What needs to be done:
Return the lines below that contain the word "memory".

Data to process:

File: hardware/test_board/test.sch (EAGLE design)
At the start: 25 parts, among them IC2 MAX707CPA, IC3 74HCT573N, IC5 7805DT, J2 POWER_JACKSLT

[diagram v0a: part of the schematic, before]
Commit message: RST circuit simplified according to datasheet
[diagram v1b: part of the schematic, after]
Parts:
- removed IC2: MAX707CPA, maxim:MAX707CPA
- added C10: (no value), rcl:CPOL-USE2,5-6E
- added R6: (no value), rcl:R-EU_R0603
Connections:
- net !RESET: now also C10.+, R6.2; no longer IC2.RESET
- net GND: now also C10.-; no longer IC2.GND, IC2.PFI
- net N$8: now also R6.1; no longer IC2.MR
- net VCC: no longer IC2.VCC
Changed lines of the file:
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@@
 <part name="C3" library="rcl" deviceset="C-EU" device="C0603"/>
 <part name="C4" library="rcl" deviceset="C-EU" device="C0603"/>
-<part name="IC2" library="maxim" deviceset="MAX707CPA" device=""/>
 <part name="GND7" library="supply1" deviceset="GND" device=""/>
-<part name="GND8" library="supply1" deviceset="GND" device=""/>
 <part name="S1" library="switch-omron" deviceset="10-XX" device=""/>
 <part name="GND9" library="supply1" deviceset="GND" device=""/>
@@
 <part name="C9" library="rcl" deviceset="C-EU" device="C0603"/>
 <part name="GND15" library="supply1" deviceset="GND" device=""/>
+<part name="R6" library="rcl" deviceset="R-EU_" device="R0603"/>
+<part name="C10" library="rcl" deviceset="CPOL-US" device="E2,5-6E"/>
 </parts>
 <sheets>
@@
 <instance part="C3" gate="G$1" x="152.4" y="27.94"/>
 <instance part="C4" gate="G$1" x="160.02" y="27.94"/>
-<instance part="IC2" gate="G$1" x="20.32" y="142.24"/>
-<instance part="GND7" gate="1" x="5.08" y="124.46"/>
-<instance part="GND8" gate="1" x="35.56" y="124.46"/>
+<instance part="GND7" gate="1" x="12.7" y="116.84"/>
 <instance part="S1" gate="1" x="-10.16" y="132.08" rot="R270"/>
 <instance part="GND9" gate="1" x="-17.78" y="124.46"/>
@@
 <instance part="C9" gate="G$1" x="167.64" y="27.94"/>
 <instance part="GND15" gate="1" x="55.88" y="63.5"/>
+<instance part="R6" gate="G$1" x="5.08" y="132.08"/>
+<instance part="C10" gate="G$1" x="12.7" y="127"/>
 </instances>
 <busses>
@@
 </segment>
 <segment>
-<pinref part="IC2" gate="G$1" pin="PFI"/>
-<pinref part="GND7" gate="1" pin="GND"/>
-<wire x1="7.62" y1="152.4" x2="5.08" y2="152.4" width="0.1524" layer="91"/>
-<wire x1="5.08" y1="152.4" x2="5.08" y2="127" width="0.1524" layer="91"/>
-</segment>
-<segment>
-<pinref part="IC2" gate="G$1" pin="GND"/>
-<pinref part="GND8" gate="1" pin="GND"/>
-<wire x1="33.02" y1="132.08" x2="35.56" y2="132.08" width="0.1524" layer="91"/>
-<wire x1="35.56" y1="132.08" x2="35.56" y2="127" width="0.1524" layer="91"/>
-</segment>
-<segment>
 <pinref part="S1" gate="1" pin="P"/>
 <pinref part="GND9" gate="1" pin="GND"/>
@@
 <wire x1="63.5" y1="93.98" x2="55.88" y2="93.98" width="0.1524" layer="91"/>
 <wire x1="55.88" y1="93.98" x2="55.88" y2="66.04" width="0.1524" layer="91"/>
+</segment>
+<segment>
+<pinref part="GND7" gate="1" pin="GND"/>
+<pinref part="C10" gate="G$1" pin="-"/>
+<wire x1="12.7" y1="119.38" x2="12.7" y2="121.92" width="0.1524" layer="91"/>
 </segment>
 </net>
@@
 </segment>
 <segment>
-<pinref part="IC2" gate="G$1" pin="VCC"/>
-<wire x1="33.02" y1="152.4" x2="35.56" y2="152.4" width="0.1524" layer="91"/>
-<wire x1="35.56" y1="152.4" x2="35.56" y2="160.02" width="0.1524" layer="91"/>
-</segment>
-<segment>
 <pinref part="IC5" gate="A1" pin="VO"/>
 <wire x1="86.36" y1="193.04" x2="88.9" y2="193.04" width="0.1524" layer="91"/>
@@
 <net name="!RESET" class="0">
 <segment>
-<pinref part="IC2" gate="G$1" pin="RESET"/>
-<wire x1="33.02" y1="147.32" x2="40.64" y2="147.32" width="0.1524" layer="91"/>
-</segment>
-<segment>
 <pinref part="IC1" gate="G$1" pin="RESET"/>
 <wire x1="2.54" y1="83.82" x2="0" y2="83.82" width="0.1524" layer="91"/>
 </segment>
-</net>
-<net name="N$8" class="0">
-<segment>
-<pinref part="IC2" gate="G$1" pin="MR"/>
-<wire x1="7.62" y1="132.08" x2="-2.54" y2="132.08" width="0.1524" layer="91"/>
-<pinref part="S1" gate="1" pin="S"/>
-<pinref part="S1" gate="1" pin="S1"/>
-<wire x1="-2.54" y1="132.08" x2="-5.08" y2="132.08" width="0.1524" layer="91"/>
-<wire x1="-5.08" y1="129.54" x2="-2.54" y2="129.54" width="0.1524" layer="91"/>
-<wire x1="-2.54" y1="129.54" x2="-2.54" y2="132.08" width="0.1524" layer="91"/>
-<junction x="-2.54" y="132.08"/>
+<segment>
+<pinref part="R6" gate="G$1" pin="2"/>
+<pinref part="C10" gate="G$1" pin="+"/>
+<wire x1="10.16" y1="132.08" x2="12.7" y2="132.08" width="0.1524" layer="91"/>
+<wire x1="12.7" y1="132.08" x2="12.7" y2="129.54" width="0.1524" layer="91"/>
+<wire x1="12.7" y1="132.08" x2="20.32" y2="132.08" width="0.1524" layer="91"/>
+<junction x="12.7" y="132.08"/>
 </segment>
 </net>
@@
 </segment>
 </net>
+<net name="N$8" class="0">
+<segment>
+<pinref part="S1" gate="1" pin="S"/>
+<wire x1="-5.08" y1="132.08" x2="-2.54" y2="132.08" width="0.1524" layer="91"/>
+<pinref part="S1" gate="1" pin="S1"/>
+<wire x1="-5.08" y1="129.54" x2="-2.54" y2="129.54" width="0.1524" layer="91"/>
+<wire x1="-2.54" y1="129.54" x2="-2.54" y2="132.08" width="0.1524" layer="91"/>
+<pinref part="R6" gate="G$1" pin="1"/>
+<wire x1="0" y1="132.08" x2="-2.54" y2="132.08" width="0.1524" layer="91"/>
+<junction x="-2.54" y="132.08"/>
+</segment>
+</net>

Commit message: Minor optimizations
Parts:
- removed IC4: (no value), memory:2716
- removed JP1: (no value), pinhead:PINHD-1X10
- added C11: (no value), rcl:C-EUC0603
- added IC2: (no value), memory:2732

Exercise solution:
- removed IC4: (no value), memory:2716
- added IC2: (no value), memory:2732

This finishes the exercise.